>>>

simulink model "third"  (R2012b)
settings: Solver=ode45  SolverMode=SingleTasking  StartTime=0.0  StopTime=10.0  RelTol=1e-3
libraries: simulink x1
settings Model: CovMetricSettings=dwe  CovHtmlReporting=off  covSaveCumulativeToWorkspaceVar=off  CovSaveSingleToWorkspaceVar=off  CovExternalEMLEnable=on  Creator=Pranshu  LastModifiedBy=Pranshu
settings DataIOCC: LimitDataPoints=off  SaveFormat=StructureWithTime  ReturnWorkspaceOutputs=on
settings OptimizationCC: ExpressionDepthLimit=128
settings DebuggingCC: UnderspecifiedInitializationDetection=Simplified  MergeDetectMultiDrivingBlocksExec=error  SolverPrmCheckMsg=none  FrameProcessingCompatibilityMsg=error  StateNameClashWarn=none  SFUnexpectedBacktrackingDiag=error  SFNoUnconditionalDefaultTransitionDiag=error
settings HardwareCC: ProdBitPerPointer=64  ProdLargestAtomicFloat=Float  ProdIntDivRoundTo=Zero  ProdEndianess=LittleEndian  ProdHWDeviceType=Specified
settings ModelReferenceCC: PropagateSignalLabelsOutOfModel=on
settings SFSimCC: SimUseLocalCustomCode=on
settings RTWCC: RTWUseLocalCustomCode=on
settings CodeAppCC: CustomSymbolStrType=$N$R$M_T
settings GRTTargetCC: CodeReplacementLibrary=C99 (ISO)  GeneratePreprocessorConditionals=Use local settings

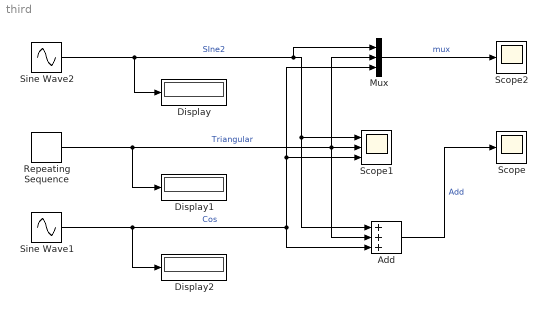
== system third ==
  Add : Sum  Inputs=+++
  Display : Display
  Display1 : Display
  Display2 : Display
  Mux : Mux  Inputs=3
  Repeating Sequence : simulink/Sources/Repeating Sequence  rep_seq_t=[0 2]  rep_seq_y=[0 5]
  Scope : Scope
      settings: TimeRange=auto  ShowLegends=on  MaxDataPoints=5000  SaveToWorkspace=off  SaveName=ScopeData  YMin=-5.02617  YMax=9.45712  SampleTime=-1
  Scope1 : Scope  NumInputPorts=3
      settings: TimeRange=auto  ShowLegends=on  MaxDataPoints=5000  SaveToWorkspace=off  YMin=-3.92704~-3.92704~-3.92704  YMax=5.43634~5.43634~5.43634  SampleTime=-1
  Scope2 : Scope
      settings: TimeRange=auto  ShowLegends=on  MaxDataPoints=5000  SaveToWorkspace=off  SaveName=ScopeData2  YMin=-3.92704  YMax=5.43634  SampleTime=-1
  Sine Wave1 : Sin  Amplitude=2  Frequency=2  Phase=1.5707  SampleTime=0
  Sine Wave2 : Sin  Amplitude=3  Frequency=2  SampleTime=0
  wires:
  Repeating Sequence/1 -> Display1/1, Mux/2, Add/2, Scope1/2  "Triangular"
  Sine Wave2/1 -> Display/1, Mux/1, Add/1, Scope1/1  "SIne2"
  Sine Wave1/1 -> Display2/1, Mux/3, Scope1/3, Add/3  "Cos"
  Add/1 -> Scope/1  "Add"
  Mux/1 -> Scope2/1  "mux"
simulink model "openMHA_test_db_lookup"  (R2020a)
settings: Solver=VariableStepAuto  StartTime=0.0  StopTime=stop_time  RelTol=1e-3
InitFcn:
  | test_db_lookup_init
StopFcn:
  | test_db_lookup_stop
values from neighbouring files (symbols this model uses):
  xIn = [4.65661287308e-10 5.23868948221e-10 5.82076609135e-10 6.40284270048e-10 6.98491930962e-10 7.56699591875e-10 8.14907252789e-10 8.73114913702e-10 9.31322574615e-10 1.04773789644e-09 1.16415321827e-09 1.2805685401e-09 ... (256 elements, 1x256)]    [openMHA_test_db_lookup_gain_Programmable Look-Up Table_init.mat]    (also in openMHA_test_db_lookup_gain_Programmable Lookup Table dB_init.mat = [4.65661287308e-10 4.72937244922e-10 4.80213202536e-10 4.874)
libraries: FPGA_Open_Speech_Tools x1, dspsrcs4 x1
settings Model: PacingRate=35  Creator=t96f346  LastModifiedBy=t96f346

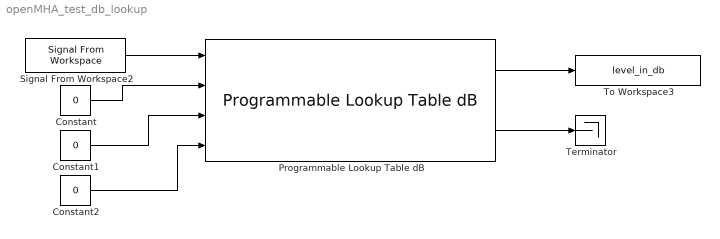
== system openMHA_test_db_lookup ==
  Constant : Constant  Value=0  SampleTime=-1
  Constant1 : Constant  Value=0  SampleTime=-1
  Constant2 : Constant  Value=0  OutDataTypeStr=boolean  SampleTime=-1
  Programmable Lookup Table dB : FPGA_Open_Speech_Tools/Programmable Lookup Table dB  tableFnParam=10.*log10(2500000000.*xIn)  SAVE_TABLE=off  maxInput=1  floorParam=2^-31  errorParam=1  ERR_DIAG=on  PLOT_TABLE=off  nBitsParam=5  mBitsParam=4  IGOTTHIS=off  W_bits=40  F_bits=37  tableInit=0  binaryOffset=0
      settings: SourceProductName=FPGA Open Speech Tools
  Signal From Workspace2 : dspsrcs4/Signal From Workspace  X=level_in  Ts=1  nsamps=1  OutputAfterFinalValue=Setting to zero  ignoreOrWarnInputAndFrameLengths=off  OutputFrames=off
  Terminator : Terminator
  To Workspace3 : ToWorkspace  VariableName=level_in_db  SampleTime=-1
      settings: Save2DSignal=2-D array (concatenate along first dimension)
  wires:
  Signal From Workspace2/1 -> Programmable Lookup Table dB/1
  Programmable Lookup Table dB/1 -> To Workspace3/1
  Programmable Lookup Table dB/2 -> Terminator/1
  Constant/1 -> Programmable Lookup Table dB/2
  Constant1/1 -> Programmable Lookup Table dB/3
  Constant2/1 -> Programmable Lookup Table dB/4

<<<

▶ The problem: Print only what lies in the material above starting at the line with "Sine Wave1/1 ->" and ending at the line with "values from neighbouring", every line exactly as given.

▶ Expected answer:
  Sine Wave1/1 -> Display2/1, Mux/3, Scope1/3, Add/3  "Cos"
  Add/1 -> Scope/1  "Add"
  Mux/1 -> Scope2/1  "mux"
simulink model "openMHA_test_db_lookup"  (R2020a)
settings: Solver=VariableStepAuto  StartTime=0.0  StopTime=stop_time  RelTol=1e-3
InitFcn:
  | test_db_lookup_init
StopFcn:
  | test_db_lookup_stop
values from neighbouring files (symbols this model uses):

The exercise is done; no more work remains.